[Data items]
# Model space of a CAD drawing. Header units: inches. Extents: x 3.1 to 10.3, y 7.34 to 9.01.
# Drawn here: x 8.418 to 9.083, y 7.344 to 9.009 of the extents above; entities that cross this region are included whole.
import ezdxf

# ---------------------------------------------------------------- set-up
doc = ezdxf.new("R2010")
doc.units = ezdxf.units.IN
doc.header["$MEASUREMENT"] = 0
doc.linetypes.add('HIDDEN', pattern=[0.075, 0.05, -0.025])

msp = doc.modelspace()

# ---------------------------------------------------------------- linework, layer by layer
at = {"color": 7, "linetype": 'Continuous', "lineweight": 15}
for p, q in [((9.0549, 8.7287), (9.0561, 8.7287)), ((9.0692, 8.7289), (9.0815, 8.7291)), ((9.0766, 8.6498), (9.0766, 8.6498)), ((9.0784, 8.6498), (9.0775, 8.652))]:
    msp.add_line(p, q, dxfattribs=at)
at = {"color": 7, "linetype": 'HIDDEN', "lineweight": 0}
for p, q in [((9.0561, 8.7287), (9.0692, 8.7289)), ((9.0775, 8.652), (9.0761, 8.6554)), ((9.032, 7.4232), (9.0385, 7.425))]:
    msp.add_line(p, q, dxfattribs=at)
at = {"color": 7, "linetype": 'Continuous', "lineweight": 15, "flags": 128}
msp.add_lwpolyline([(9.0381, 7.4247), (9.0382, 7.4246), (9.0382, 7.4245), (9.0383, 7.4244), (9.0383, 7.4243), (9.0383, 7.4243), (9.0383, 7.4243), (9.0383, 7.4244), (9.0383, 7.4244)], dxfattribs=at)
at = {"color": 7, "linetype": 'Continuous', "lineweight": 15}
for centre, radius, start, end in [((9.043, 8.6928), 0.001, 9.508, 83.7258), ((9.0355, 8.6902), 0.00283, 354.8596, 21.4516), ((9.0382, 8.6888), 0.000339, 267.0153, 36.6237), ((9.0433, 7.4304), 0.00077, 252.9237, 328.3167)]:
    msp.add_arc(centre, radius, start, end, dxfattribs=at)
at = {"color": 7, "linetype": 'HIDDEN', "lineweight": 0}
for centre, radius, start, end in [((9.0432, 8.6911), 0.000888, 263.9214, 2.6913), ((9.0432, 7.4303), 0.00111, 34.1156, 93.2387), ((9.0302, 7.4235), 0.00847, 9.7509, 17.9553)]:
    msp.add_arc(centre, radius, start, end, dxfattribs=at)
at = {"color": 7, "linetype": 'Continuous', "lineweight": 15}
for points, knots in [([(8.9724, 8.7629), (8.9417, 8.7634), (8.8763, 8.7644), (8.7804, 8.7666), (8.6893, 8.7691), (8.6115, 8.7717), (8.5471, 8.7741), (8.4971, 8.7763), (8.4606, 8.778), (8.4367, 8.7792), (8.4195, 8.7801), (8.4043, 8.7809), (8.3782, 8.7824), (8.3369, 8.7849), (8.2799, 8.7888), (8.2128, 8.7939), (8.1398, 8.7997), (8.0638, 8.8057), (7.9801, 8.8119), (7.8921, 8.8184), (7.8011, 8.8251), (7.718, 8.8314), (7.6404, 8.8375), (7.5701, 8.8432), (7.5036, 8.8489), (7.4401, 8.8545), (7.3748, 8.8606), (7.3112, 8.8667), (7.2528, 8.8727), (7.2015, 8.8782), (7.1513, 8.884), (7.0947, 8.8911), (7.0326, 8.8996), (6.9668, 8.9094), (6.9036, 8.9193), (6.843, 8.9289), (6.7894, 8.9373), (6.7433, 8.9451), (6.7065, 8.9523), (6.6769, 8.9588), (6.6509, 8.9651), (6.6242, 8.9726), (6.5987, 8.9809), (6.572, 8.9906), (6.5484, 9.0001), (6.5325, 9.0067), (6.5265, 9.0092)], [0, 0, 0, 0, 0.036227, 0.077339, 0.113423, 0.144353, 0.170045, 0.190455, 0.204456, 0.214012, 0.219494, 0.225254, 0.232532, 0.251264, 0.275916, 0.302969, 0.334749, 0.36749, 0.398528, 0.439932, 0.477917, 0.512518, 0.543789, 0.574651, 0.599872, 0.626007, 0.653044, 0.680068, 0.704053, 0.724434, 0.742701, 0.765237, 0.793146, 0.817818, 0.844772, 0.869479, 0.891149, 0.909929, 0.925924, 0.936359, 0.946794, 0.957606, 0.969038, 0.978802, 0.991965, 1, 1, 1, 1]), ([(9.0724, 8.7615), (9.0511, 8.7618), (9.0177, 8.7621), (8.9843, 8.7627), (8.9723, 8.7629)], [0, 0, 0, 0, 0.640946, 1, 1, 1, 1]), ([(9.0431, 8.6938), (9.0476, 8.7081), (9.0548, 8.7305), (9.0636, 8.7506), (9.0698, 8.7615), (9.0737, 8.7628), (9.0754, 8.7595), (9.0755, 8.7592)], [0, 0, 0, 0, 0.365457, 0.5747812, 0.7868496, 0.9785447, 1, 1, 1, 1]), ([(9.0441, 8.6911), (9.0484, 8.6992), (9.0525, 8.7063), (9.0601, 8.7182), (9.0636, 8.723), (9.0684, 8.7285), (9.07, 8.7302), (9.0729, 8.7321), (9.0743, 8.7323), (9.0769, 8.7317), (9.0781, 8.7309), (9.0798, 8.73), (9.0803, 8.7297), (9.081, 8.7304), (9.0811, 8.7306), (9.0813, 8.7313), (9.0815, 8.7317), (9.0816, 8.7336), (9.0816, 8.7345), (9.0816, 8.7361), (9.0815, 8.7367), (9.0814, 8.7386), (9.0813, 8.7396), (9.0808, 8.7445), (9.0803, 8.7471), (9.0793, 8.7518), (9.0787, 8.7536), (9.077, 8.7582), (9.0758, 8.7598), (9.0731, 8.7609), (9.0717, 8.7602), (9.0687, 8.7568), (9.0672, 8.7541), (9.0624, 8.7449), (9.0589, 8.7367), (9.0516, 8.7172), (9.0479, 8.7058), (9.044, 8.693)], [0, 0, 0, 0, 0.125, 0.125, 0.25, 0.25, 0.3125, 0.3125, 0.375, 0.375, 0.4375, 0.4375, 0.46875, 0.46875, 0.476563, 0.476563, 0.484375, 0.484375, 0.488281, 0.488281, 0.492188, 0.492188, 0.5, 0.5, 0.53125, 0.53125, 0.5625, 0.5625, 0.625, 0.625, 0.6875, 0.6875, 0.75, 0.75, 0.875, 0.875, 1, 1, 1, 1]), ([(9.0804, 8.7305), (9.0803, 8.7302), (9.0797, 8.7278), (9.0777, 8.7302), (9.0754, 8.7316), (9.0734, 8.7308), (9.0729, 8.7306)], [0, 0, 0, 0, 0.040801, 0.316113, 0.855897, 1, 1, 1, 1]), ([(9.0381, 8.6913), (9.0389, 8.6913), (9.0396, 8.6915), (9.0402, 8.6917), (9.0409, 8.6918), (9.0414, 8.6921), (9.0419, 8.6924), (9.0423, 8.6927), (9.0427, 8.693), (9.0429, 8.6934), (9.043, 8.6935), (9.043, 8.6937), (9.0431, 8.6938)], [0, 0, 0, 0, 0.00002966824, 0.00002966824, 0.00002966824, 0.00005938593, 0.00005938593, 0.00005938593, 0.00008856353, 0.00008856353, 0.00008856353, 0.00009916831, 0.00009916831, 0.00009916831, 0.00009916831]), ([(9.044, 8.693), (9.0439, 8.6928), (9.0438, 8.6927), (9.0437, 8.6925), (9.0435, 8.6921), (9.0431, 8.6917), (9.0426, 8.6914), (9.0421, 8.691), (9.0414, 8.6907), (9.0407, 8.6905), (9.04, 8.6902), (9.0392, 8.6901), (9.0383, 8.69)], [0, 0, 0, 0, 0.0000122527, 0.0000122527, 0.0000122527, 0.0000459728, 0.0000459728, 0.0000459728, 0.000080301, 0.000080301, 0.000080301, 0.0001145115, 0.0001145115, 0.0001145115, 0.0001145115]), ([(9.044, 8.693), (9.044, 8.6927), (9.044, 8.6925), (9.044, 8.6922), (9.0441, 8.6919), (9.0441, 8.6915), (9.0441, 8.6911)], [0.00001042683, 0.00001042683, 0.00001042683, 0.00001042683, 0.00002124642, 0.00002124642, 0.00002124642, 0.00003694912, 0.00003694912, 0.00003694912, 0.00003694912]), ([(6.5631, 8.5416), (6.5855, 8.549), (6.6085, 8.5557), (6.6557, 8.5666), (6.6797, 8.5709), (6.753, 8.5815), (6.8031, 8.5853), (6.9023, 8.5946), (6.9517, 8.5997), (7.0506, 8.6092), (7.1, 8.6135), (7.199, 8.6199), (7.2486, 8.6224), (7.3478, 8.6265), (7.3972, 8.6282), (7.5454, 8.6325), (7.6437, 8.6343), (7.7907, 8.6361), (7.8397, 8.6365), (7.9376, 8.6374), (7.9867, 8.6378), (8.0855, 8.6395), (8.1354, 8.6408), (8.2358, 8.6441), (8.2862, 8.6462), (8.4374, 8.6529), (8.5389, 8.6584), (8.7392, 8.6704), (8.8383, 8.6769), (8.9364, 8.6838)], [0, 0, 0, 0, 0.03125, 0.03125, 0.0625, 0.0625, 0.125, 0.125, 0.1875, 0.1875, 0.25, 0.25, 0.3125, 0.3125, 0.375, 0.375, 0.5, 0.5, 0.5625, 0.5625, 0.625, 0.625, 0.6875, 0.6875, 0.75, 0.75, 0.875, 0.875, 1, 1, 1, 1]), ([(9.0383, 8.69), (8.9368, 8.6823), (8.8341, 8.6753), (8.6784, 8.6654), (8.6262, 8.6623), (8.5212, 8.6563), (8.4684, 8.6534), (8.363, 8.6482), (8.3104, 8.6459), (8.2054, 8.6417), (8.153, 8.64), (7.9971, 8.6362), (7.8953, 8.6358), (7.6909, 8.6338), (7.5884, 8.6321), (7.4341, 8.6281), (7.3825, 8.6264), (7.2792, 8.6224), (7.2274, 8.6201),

__TASK__.
Extract, please, the lines from the start of the entries above through the one with "msp = doc.modelspace()", both included, reproducing each exactly and adding nothing.

__THE COMPLETED TASK__.
# Model space of a CAD drawing. Header units: inches. Extents: x 3.1 to 10.3, y 7.34 to 9.01.
# Drawn here: x 8.418 to 9.083, y 7.344 to 9.009 of the extents above; entities that cross this region are included whole.
import ezdxf

# ---------------------------------------------------------------- set-up
doc = ezdxf.new("R2010")
doc.units = ezdxf.units.IN
doc.header["$MEASUREMENT"] = 0
doc.linetypes.add('HIDDEN', pattern=[0.075, 0.05, -0.025])

msp = doc.modelspace()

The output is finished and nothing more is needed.